Abstract
Mermelstein and colleagues conducted a mixed-methods study examining Black men’s knowledge, attitudes, and beliefs about prostate cancer and their sources of health information, aiming to inform educational interventions (Mermelstein et al., 2025). While education is certainly needed, the more urgent audience may be screening advocates within the medical community, whose assumptions about the benefits of screening have been widely, and in my view, mistakenly accepted.
As Dr. Lucassen has argued, many prostate cancer screening studies lack appropriate control groups and fail to use overall survival (OS) as the primary endpoint (Lucassen et al., 2025). Such studies may demonstrate feasibility but cannot establish clinical benefit. These points are basic and well-established in textbooks. It is surprising that such fundamental issues have been overlooked within the medical community involved in prostate cancer screening. This oversight stems from the fact that the natural course of OS in screen-detected prostate cancer has not been shown to be worse than that of otherwise healthy individuals (Takahashi, 2024), making it difficult to design “scientifically sound” trials in practice.
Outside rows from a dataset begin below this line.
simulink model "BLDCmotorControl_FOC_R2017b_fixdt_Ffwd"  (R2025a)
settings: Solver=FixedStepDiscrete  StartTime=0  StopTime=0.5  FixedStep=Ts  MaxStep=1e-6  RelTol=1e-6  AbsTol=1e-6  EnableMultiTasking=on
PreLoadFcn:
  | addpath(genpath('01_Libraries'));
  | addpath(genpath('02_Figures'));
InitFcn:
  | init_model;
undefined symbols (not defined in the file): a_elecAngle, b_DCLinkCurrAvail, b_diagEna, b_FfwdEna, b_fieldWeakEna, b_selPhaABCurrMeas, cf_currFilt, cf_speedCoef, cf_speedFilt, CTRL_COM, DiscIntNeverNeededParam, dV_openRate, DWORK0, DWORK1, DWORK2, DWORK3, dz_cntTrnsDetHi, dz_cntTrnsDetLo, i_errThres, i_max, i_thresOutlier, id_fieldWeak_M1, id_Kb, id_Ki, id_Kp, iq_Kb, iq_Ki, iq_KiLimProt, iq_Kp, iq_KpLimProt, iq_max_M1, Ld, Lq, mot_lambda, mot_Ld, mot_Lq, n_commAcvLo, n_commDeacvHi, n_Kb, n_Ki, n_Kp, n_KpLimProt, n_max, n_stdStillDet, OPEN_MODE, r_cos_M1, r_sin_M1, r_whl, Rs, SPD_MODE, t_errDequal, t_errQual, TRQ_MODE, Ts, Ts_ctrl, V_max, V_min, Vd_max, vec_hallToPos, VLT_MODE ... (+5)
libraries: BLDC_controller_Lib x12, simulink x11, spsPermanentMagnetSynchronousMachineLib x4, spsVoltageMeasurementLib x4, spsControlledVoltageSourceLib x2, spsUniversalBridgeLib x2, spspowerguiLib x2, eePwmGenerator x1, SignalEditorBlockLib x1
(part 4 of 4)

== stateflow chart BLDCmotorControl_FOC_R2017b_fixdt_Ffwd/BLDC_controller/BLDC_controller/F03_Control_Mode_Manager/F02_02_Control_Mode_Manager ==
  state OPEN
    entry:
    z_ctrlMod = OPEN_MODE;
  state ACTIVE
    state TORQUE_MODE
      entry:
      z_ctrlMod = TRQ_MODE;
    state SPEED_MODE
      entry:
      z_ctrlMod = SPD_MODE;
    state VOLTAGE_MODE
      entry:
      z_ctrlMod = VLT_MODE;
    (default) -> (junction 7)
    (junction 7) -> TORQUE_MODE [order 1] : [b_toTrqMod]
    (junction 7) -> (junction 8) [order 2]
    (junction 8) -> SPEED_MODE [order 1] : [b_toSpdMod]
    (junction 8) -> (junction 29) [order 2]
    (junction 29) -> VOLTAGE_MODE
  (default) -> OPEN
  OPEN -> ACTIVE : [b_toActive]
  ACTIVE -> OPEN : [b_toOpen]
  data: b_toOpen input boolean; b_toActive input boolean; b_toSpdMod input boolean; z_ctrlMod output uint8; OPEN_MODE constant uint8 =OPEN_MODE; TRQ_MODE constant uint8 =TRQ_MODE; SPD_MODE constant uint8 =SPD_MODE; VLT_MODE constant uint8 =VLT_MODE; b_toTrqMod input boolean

As a result, much of the literature consists of case series and feasibility or pilot studies—designs that rank low in the evidence hierarchy and should not be regarded as definitive. The most rigorous studies are three randomized controlled trials—The Prostate, Lung, Colorectal and Ovarian (PLCO), The European Randomized Study of Screening for Prostate Cancer (ERSPC), and Cluster randomised triAl of PSA testing for Prostate cancer (CAP)—which, despite differences in design and methodology, consistently show no improvement in OS (Grossman et al., 2018). This constitutes Level 1 evidence. Proponents of screening, including many urologists, often cite the ERSPC’s reduction in prostate cancer-specific mortality as evidence of benefit (Mermelstein et al., 2025; Pinsky & Parnes, 2023). However, cancer-specific mortality is a problematic endpoint (Penston, 2011): Cancer-specific mortality is a common data point in registry and epidemiological studies; however, it is based on the subjective judgment of the physician who certifies the cause of death. In clinical trials, it is essential to accurately identify the cause of death and define cancer-specific mortality within that context. However, in practice, this is often not feasible. In younger populations with few competing risks, OS may approximate cancer-specific survival; however, this approximation fails in older adults. An endpoint that is difficult to ascertain reliably cannot be used as the foundation of evidence.
Although Black men experience higher prostate cancer mortality, screen-detected cancers are not the same as the clinically lethal cancers that lead to death (Takahashi, 2024). Current evidence indicates that screening does not reduce mortality or extend lifespan (Bretthauer et al., 2023; Grossman et al., 2018).
Offering an intervention without demonstrated benefit to otherwise healthy people should be regarded as human subjects research. If prostate cancer screening is to be promoted—whether for Black men or any other group—it must adhere to the Helsinki Declaration: provide clear, advance information about the unproven benefits, incorporate appropriate control groups, and designate OS as the primary endpoint. Without these measures, we will continue to accumulate data of limited scientific value. Furthermore, the costs of such trials should be borne by the investigators, not by participants or publicly funded insurance programs.
Mermelstein et al. suggest that Black individuals, along with other participants in screening studies, seek trustworthy communities and health care providers (Mermelstein et al., 2025). The trust of Black individuals, as well as of the general healthy population undergoing prostate cancer screening, can only be earned through a rigorous commitment to medical ethics and scientific integrity.